Battle of Verdun, Feb–Dec 1916
German offensive against French fortifications anchored at the town of Verdun and stretching to the Swiss border. Three forts were captured, but not the fortifications at Verdun, where the French commander, General Henri Philippe Petain, had declared, “They shall not pass!” The Germans opened the offensive by firing 2 million shells against a front of just eight miles. A British attack on the Somme Front and a Russian offensive on the Eastern Front forced the Germans to pull troops away from Verdun, and the final German offensive there took place July 21. During autumn, having gained artillery superiority, the French began counterattacks. By December 15 they had regained all the ground previously lost, leaving the lines as they had been before the German attacks began.
Allied casualties: 400,000
German casualties: 340,000

Battle of the Somme, Jul–Nov 1916
British offensive to break through German lines near the Somme River in northeastern France and relieve pressure on Verdun to the south, it was intended to be “the big push” that would end the war.
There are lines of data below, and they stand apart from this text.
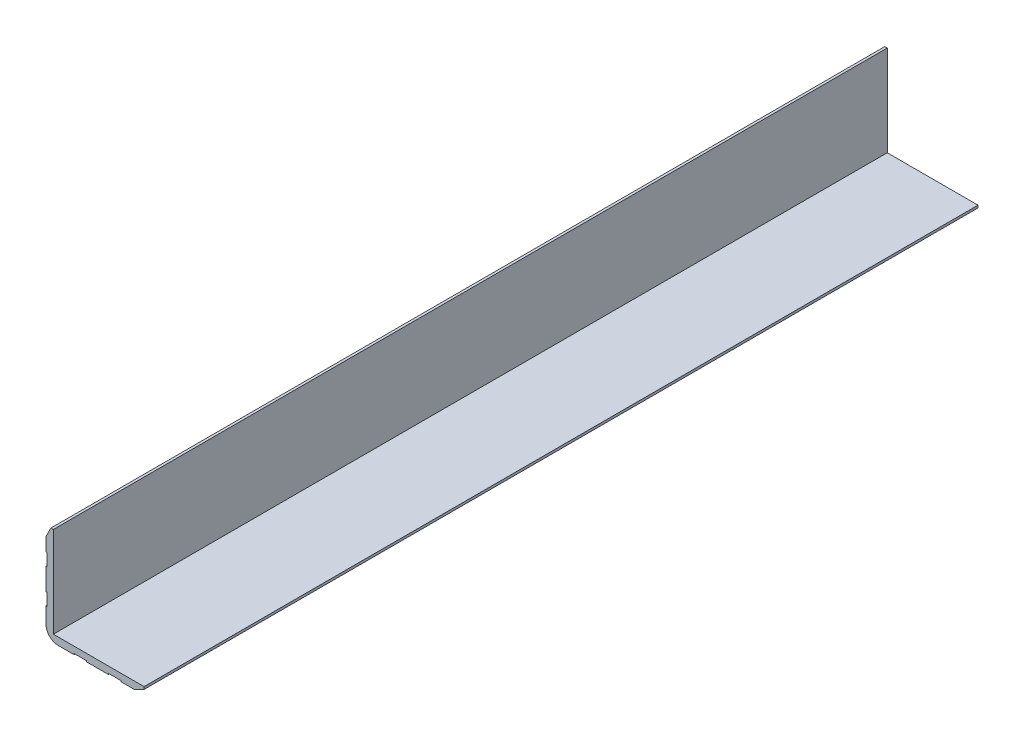
ISO-10303-21;
HEADER;
FILE_DESCRIPTION(('STEP AP214'),'2;1');
FILE_NAME('part.step','',(''),(''),'','','');
FILE_SCHEMA(('AUTOMOTIVE_DESIGN { 1 0 10303 214 1 1 1 1 }'));
ENDSEC;
DATA;
#1=APPLICATION_CONTEXT('core data for automotive mechanical design processes');
#2=APPLICATION_PROTOCOL_DEFINITION('international standard','automotive_design',2000,#1);
#3=PRODUCT_CONTEXT('',#1,'mechanical');
#4=PRODUCT('Part','Part','',(#3));
#5=PRODUCT_RELATED_PRODUCT_CATEGORY('part','',(#4));
#6=PRODUCT_DEFINITION_FORMATION('','',#4);
#7=PRODUCT_DEFINITION_CONTEXT('part definition',#1,'design');
#8=PRODUCT_DEFINITION('design','',#6,#7);
#9=PRODUCT_DEFINITION_SHAPE('','',#8);
#10=(LENGTH_UNIT() NAMED_UNIT(*) SI_UNIT(.MILLI.,.METRE.));
#11=(NAMED_UNIT(*) PLANE_ANGLE_UNIT() SI_UNIT($,.RADIAN.));
#12=(NAMED_UNIT(*) SI_UNIT($,.STERADIAN.) SOLID_ANGLE_UNIT());
#13=UNCERTAINTY_MEASURE_WITH_UNIT(LENGTH_MEASURE(1.E-05),#10,'distance_accuracy_value','');
#14=(GEOMETRIC_REPRESENTATION_CONTEXT(3) GLOBAL_UNCERTAINTY_ASSIGNED_CONTEXT((#13)) GLOBAL_UNIT_ASSIGNED_CONTEXT((#10,
#11,#12)) REPRESENTATION_CONTEXT('',''));
#15=CARTESIAN_POINT('',(0.,0.,0.));
#16=DIRECTION('',(0.,0.,1.));
#17=DIRECTION('',(1.,0.,0.));
#18=AXIS2_PLACEMENT_3D('',#15,#16,#17);
#19=CARTESIAN_POINT('',(18.5,0.,170.));
#20=DIRECTION('',(0.,-1.,0.));
#21=DIRECTION('',(1.,0.,0.));
#22=AXIS2_PLACEMENT_3D('',#19,#20,#21);
#23=PLANE('',#22);
#24=DIRECTION('',(-1.,0.,0.));
#25=VECTOR('',#24,1.);
#26=CARTESIAN_POINT('',(18.5,0.,0.));
#27=LINE('',#26,#25);
#28=CARTESIAN_POINT('',(18.5,0.,0.));
#29=VERTEX_POINT('',#28);
#30=CARTESIAN_POINT('',(0.,0.,0.));
#31=VERTEX_POINT('',#30);
#32=EDGE_CURVE('E246',#29,#31,#27,.T.);
#33=ORIENTED_EDGE('',*,*,#32,.T.);
#34=DIRECTION('',(0.,0.,-1.));
#35=VECTOR('',#34,1.);
#36=CARTESIAN_POINT('',(0.,0.,170.));
#37=LINE('',#36,#35);
#38=CARTESIAN_POINT('',(0.,0.,170.));
#39=VERTEX_POINT('',#38);
#40=EDGE_CURVE('E11',#39,#31,#37,.T.);
#41=ORIENTED_EDGE('',*,*,#40,.F.);
#42=DIRECTION('',(-1.,0.,0.));
#43=VECTOR('',#42,1.);
#44=CARTESIAN_POINT('',(18.5,0.,170.));
#45=LINE('',#44,#43);
#46=CARTESIAN_POINT('',(18.5,0.,170.));
#47=VERTEX_POINT('',#46);
#48=EDGE_CURVE('E319',#47,#39,#45,.T.);
#49=ORIENTED_EDGE('',*,*,#48,.F.);
#50=DIRECTION('',(0.,0.,-1.));
#51=VECTOR('',#50,1.);
#52=CARTESIAN_POINT('',(18.5,0.,170.));
#53=LINE('',#52,#51);
#54=EDGE_CURVE('E242',#47,#29,#53,.T.);
#55=ORIENTED_EDGE('',*,*,#54,.T.);
#56=EDGE_LOOP('',(#33,#41,#49,#55));
#57=FACE_BOUND('',#56,.T.);
#58=ADVANCED_FACE('F43',(#57),#23,.F.);
#59=CARTESIAN_POINT('',(0.,0.,170.));
#60=DIRECTION('',(-1.,0.,0.));
#61=DIRECTION('',(0.,0.,1.));
#62=AXIS2_PLACEMENT_3D('',#59,#60,#61);
#63=PLANE('',#62);
#64=DIRECTION('',(0.,1.,0.));
#65=VECTOR('',#64,1.);
#66=CARTESIAN_POINT('',(0.,0.,0.));
#67=LINE('',#66,#65);
#68=CARTESIAN_POINT('',(0.,18.5,0.));
#69=VERTEX_POINT('',#68);
#70=EDGE_CURVE('E250',#31,#69,#67,.T.);
#71=ORIENTED_EDGE('',*,*,#70,.T.);
#72=DIRECTION('',(0.,0.,-1.));
#73=VECTOR('',#72,1.);
#74=CARTESIAN_POINT('',(0.,18.5,170.));
#75=LINE('',#74,#73);
#76=CARTESIAN_POINT('',(0.,18.5,170.));
#77=VERTEX_POINT('',#76);
#78=EDGE_CURVE('E52',#77,#69,#75,.T.);
#79=ORIENTED_EDGE('',*,*,#78,.F.);
#80=DIRECTION('',(0.,1.,0.));
#81=VECTOR('',#80,1.);
#82=CARTESIAN_POINT('',(0.,0.,170.));
#83=LINE('',#82,#81);
#84=EDGE_CURVE('E154',#39,#77,#83,.T.);
#85=ORIENTED_EDGE('',*,*,#84,.F.);
#86=ORIENTED_EDGE('',*,*,#40,.T.);
#87=EDGE_LOOP('',(#71,#79,#85,#86));
#88=FACE_BOUND('',#87,.T.);
#89=ADVANCED_FACE('F504',(#88),#63,.F.);
#90=CARTESIAN_POINT('',(0.,18.5,170.));
#91=DIRECTION('',(0.,-1.,0.));
#92=DIRECTION('',(0.,0.,-1.));
#93=AXIS2_PLACEMENT_3D('',#90,#91,#92);
#94=PLANE('',#93);
#95=DIRECTION('',(-1.,0.,0.));
#96=VECTOR('',#95,1.);
#97=CARTESIAN_POINT('',(0.,18.5,0.));
#98=LINE('',#97,#96);
#99=CARTESIAN_POINT('',(-0.5,18.5,0.));
#100=VERTEX_POINT('',#99);
#101=EDGE_CURVE('E253',#69,#100,#98,.T.);
#102=ORIENTED_EDGE('',*,*,#101,.T.);
#103=DIRECTION('',(0.,0.,-1.));
#104=VECTOR('',#103,1.);
#105=CARTESIAN_POINT('',(-0.5,18.5,170.));
#106=LINE('',#105,#104);
#107=CARTESIAN_POINT('',(-0.5,18.5,170.));
#108=VERTEX_POINT('',#107);
#109=EDGE_CURVE('E398',#108,#100,#106,.T.);
#110=ORIENTED_EDGE('',*,*,#109,.F.);
#111=DIRECTION('',(-1.,0.,0.));
#112=VECTOR('',#111,1.);
#113=CARTESIAN_POINT('',(0.,18.5,170.));
#114=LINE('',#113,#112);
#115=EDGE_CURVE('E408',#77,#108,#114,.T.);
#116=ORIENTED_EDGE('',*,*,#115,.F.);
#117=ORIENTED_EDGE('',*,*,#78,.T.);
#118=EDGE_LOOP('',(#102,#110,#116,#117));
#119=FACE_BOUND('',#118,.T.);
#120=ADVANCED_FACE('F406',(#119),#94,.F.);
#121=CARTESIAN_POINT('',(-0.5,18.5,170.));
#122=DIRECTION('',(0.894427190999916,-0.447213595499958,0.));
#123=DIRECTION('',(0.447213595499958,0.894427190999916,0.));
#124=AXIS2_PLACEMENT_3D('',#121,#122,#123);
#125=PLANE('',#124);
#126=DIRECTION('',(-0.447213595499958,-0.894427190999916,0.));
#127=VECTOR('',#126,1.);
#128=CARTESIAN_POINT('',(-0.5,18.5,0.));
#129=LINE('',#128,#127);
#130=CARTESIAN_POINT('',(-1.5,16.5,0.));
#131=VERTEX_POINT('',#130);
#132=EDGE_CURVE('E256',#100,#131,#129,.T.);
#133=ORIENTED_EDGE('',*,*,#132,.T.);
#134=DIRECTION('',(0.,0.,-1.));
#135=VECTOR('',#134,1.);
#136=CARTESIAN_POINT('',(-1.5,16.5,170.));
#137=LINE('',#136,#135);
#138=CARTESIAN_POINT('',(-1.5,16.5,170.));
#139=VERTEX_POINT('',#138);
#140=EDGE_CURVE('E394',#139,#131,#137,.T.);
#141=ORIENTED_EDGE('',*,*,#140,.F.);
#142=DIRECTION('',(-0.447213595499958,-0.894427190999916,0.));
#143=VECTOR('',#142,1.);
#144=CARTESIAN_POINT('',(-0.5,18.5,170.));
#145=LINE('',#144,#143);
#146=EDGE_CURVE('E427',#108,#139,#145,.T.);
#147=ORIENTED_EDGE('',*,*,#146,.F.);
#148=ORIENTED_EDGE('',*,*,#109,.T.);
#149=EDGE_LOOP('',(#133,#141,#147,#148));
#150=FACE_BOUND('',#149,.T.);
#151=ADVANCED_FACE('F417',(#150),#125,.F.);
#152=CARTESIAN_POINT('',(-1.5,16.5,170.));
#153=DIRECTION('',(1.,0.,0.));
#154=DIRECTION('',(0.,1.,0.));
#155=AXIS2_PLACEMENT_3D('',#152,#153,#154);
#156=PLANE('',#155);
#157=DIRECTION('',(0.,-1.,0.));
#158=VECTOR('',#157,1.);
#159=CARTESIAN_POINT('',(-1.5,16.5,0.));
#160=LINE('',#159,#158);
#161=CARTESIAN_POINT('',(-1.5,13.75,0.));
#162=VERTEX_POINT('',#161);
#163=EDGE_CURVE('E259',#131,#162,#160,.T.);
#164=ORIENTED_EDGE('',*,*,#163,.T.);
#165=DIRECTION('',(0.,0.,-1.));
#166=VECTOR('',#165,1.);
#167=CARTESIAN_POINT('',(-1.5,13.75,170.));
#168=LINE('',#167,#166);
#169=CARTESIAN_POINT('',(-1.5,13.75,170.));
#170=VERTEX_POINT('',#169);
#171=EDGE_CURVE('E390',#170,#162,#168,.T.);
#172=ORIENTED_EDGE('',*,*,#171,.F.);
#173=DIRECTION('',(0.,-1.,0.));
#174=VECTOR('',#173,1.);
#175=CARTESIAN_POINT('',(-1.5,16.5,170.));
#176=LINE('',#175,#174);
#177=EDGE_CURVE('E423',#139,#170,#176,.T.);
#178=ORIENTED_EDGE('',*,*,#177,.F.);
#179=ORIENTED_EDGE('',*,*,#140,.T.);
#180=EDGE_LOOP('',(#164,#172,#178,#179));
#181=FACE_BOUND('',#180,.T.);
#182=ADVANCED_FACE('F421',(#181),#156,.F.);
#183=CARTESIAN_POINT('',(-1.5,13.75,170.));
#184=DIRECTION('',(0.,1.,0.));
#185=DIRECTION('',(0.,0.,1.));
#186=AXIS2_PLACEMENT_3D('',#183,#184,#185);
#187=PLANE('',#186);
#188=DIRECTION('',(1.,0.,0.));
#189=VECTOR('',#188,1.);
#190=CARTESIAN_POINT('',(-1.5,13.75,0.));
#191=LINE('',#190,#189);
#192=CARTESIAN_POINT('',(-1.3,13.75,0.));
#193=VERTEX_POINT('',#192);
#194=EDGE_CURVE('E262',#162,#193,#191,.T.);
#195=ORIENTED_EDGE('',*,*,#194,.T.);
#196=DIRECTION('',(0.,0.,-1.));
#197=VECTOR('',#196,1.);
#198=CARTESIAN_POINT('',(-1.3,13.75,170.));
#199=LINE('',#198,#197);
#200=CARTESIAN_POINT('',(-1.3,13.75,170.));
#201=VERTEX_POINT('',#200);
#202=EDGE_CURVE('E386',#201,#193,#199,.T.);
#203=ORIENTED_EDGE('',*,*,#202,.F.);
#204=DIRECTION('',(1.,0.,0.));
#205=VECTOR('',#204,1.);
#206=CARTESIAN_POINT('',(-1.5,13.75,170.));
#207=LINE('',#206,#205);
#208=EDGE_CURVE('E426',#170,#201,#207,.T.);
#209=ORIENTED_EDGE('',*,*,#208,.F.);
#210=ORIENTED_EDGE('',*,*,#171,.T.);
#211=EDGE_LOOP('',(#195,#203,#209,#210));
#212=FACE_BOUND('',#211,.T.);
#213=ADVANCED_FACE('F517',(#212),#187,.F.);
#214=CARTESIAN_POINT('',(-1.3,13.75,170.));
#215=DIRECTION('',(1.,0.,0.));
#216=DIRECTION('',(0.,0.,-1.));
#217=AXIS2_PLACEMENT_3D('',#214,#215,#216);
#218=PLANE('',#217);
#219=DIRECTION('',(0.,-1.,0.));
#220=VECTOR('',#219,1.);
#221=CARTESIAN_POINT('',(-1.3,13.75,0.));
#222=LINE('',#221,#220);
#223=CARTESIAN_POINT('',(-1.3,11.25,0.));
#224=VERTEX_POINT('',#223);
#225=EDGE_CURVE('E265',#193,#224,#222,.T.);
#226=ORIENTED_EDGE('',*,*,#225,.T.);
#227=DIRECTION('',(0.,0.,-1.));
#228=VECTOR('',#227,1.);
#229=CARTESIAN_POINT('',(-1.3,11.25,170.));
#230=LINE('',#229,#228);
#231=CARTESIAN_POINT('',(-1.3,11.25,170.));
#232=VERTEX_POINT('',#231);
#233=EDGE_CURVE('E382',#232,#224,#230,.T.);
#234=ORIENTED_EDGE('',*,*,#233,.F.);
#235=DIRECTION('',(0.,-1.,0.));
#236=VECTOR('',#235,1.);
#237=CARTESIAN_POINT('',(-1.3,13.75,170.));
#238=LINE('',#237,#236);
#239=EDGE_CURVE('E431',#201,#232,#238,.T.);
#240=ORIENTED_EDGE('',*,*,#239,.F.);
#241=ORIENTED_EDGE('',*,*,#202,.T.);
#242=EDGE_LOOP('',(#226,#234,#240,#241));
#243=FACE_BOUND('',#242,.T.);
#244=ADVANCED_FACE('F520',(#243),#218,.F.);
#245=CARTESIAN_POINT('',(-1.3,11.25,170.));
#246=DIRECTION('',(0.,-1.,0.));
#247=DIRECTION('',(0.,0.,-1.));
#248=AXIS2_PLACEMENT_3D('',#245,#246,#247);
#249=PLANE('',#248);
#250=DIRECTION('',(-1.,0.,0.));
#251=VECTOR('',#250,1.);
#252=CARTESIAN_POINT('',(-1.3,11.25,0.));
#253=LINE('',#252,#251);
#254=CARTESIAN_POINT('',(-1.5,11.25,0.));
#255=VERTEX_POINT('',#254);
#256=EDGE_CURVE('E268',#224,#255,#253,.T.);
#257=ORIENTED_EDGE('',*,*,#256,.T.);
#258=DIRECTION('',(0.,0.,-1.));
#259=VECTOR('',#258,1.);
#260=CARTESIAN_POINT('',(-1.5,11.25,170.));
#261=LINE('',#260,#259);
#262=CARTESIAN_POINT('',(-1.5,11.25,170.));
#263=VERTEX_POINT('',#262);
#264=EDGE_CURVE('E378',#263,#255,#261,.T.);
#265=ORIENTED_EDGE('',*,*,#264,.F.);
#266=DIRECTION('',(-1.,0.,0.));
#267=VECTOR('',#266,1.);
#268=CARTESIAN_POINT('',(-1.3,11.25,170.));
#269=LINE('',#268,#267);
#270=EDGE_CURVE('E438',#232,#263,#269,.T.);
#271=ORIENTED_EDGE('',*,*,#270,.F.);
#272=ORIENTED_EDGE('',*,*,#233,.T.);
#273=EDGE_LOOP('',(#257,#265,#271,#272));
#274=FACE_BOUND('',#273,.T.);
#275=ADVANCED_FACE('F524',(#274),#249,.F.);
#276=CARTESIAN_POINT('',(-1.5,11.25,170.));
#277=DIRECTION('',(1.,0.,0.));
#278=DIRECTION('',(0.,1.,0.));
#279=AXIS2_PLACEMENT_3D('',#276,#277,#278);
#280=PLANE('',#279);
#281=DIRECTION('',(0.,-1.,0.));
#282=VECTOR('',#281,1.);
#283=CARTESIAN_POINT('',(-1.5,11.25,0.));
#284=LINE('',#283,#282);
#285=CARTESIAN_POINT('',(-1.5,6.75000000000001,0.));
#286=VERTEX_POINT('',#285);
#287=EDGE_CURVE('E271',#255,#286,#284,.T.);
#288=ORIENTED_EDGE('',*,*,#287,.T.);
#289=DIRECTION('',(0.,0.,-1.));
#290=VECTOR('',#289,1.);
#291=CARTESIAN_POINT('',(-1.5,6.75000000000001,170.));
#292=LINE('',#291,#290);
#293=CARTESIAN_POINT('',(-1.5,6.75000000000001,170.));
#294=VERTEX_POINT('',#293);
#295=EDGE_CURVE('E374',#294,#286,#292,.T.);
#296=ORIENTED_EDGE('',*,*,#295,.F.);
#297=DIRECTION('',(0.,-1.,0.));
#298=VECTOR('',#297,1.);
#299=CARTESIAN_POINT('',(-1.5,11.25,170.));
#300=LINE('',#299,#298);
#301=EDGE_CURVE('E441',#263,#294,#300,.T.);
#302=ORIENTED_EDGE('',*,*,#301,.F.);
#303=ORIENTED_EDGE('',*,*,#264,.T.);
#304=EDGE_LOOP('',(#288,#296,#302,#303));
#305=FACE_BOUND('',#304,.T.);
#306=ADVANCED_FACE('F528',(#305),#280,.F.);
#307=CARTESIAN_POINT('',(-1.5,6.75000000000001,170.));
#308=DIRECTION('',(0.,1.,0.));
#309=DIRECTION('',(-1.,0.,0.));
#310=AXIS2_PLACEMENT_3D('',#307,#308,#309);
#311=PLANE('',#310);
#312=DIRECTION('',(1.,0.,0.));
#313=VECTOR('',#312,1.);
#314=CARTESIAN_POINT('',(-1.5,6.75000000000001,0.));
#315=LINE('',#314,#313);
#316=CARTESIAN_POINT('',(-1.3,6.75,0.));
#317=VERTEX_POINT('',#316);
#318=EDGE_CURVE('E274',#286,#317,#315,.T.);
#319=ORIENTED_EDGE('',*,*,#318,.T.);
#320=DIRECTION('',(0.,0.,-1.));
#321=VECTOR('',#320,1.);
#322=CARTESIAN_POINT('',(-1.3,6.75,170.));
#323=LINE('',#322,#321);
#324=CARTESIAN_POINT('',(-1.3,6.75,170.));
#325=VERTEX_POINT('',#324);
#326=EDGE_CURVE('E370',#325,#317,#323,.T.);
#327=ORIENTED_EDGE('',*,*,#326,.F.);
#328=DIRECTION('',(1.,0.,0.));
#329=VECTOR('',#328,1.);
#330=CARTESIAN_POINT('',(-1.5,6.75000000000001,170.));
#331=LINE('',#330,#329);
#332=EDGE_CURVE('E444',#294,#325,#331,.T.);
#333=ORIENTED_EDGE('',*,*,#332,.F.);
#334=ORIENTED_EDGE('',*,*,#295,.T.);
#335=EDGE_LOOP('',(#319,#327,#333,#334));
#336=FACE_BOUND('',#335,.T.);
#337=ADVANCED_FACE('F532',(#336),#311,.F.);
#338=CARTESIAN_POINT('',(-1.3,6.75,170.));
#339=DIRECTION('',(1.,0.,0.));
#340=DIRECTION('',(0.,0.,-1.));
#341=AXIS2_PLACEMENT_3D('',#338,#339,#340);
#342=PLANE('',#341);
#343=DIRECTION('',(0.,-1.,0.));
#344=VECTOR('',#343,1.);
#345=CARTESIAN_POINT('',(-1.3,6.75,0.));
#346=LINE('',#345,#344);
#347=CARTESIAN_POINT('',(-1.3,4.25,0.));
#348=VERTEX_POINT('',#347);
#349=EDGE_CURVE('E277',#317,#348,#346,.T.);
#350=ORIENTED_EDGE('',*,*,#349,.T.);
#351=DIRECTION('',(0.,0.,-1.));
#352=VECTOR('',#351,1.);
#353=CARTESIAN_POINT('',(-1.3,4.25,170.));
#354=LINE('',#353,#352);
#355=CARTESIAN_POINT('',(-1.3,4.25,170.));
#356=VERTEX_POINT('',#355);
#357=EDGE_CURVE('E366',#356,#348,#354,.T.);
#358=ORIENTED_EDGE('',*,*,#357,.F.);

A week of bombardments sent 1.6 million shells screaming into the German lines, but their damage was insignificant. When British troops attacked on July 1, they suffered the greatest single-day loss in all of Britain’s history: 60,000 casualties, one-third of which were killed. As the offensive dragged on, French troops came to reinforce the British. When the battles ended in mid-November, the Allies had won just five miles (eight km) of ground, but attrition was high among the German defenders, including a large number of junior officers and NCOs, which would affect their army’s effectiveness during the remaining years of the war.
Allied casualties: 615,000, approximately two-thirds of them British
German casualties: 650,000

Third Battle of Ypres (Passchendaele), Jul–Nov 1917
The area around Ypres, Belgium, had already witnessed two bloody struggles during the war, one of which saw the Germans’ first use of poison gas. Before launching the July 1917 offensive, British guns hurled 4.5 million artillery shells against the Germans’ position, but fortifications protected the defenders effectively. The first waves of attacking British were mowed down. The months of August and October saw some of the heaviest rains in 30 years, which turned the battlefield into a quagmire. Attacking soldiers at times found themselves in knee-deep mud as enemy machine-gun bullets whistled toward them; some men and animals literally drowned in the mud of the fields that had been churned up by the extensive artillery barrage and soaked with rain. The offensive gained just five miles (eight km), including the village of Passchendaele.
Allied casualties: 325,000
German casualties: 260,000

Spring Offensive (Ludendorff Offensive, Kaiser’s Battle), Mar–Apr 1918
German offensive on the Western Front intended to win the war before the American troops that had begun arriving in France could fully deploy. Planned by General Paul von Hindenburg’s Chief of Staff Erich Ludendorff, the main offensive was to be against the British forces on the Somme Front, accompanied by three diversionary attacks. Initially, the offensive sent the Allied troops reeling back, but the Germans advanced so quickly their supplies could not keep up in the muddy terrain pockmarked with shell craters. The attack fizzled with the Germans in a weak defensive position, but they had inflicted severe losses that were only made up by the arrival of American troops.
Allied casualties: 850,000
German casualties, 650,000

Hundred Days Offensive Jul–Nov 1918
Allied (American, British, French) offensive on the Western Front against German Second Army. Includes the battles of Amiens, Second Somme, Second Noyons, Second Arras, Meuse-Argonne Offensive. Pushed Germans back to the Hindenburg Line of fortifications protecting Germany. The offensive continued, broke through the Hindenburg Line, and resulted in Germany’s surrender, ending the war.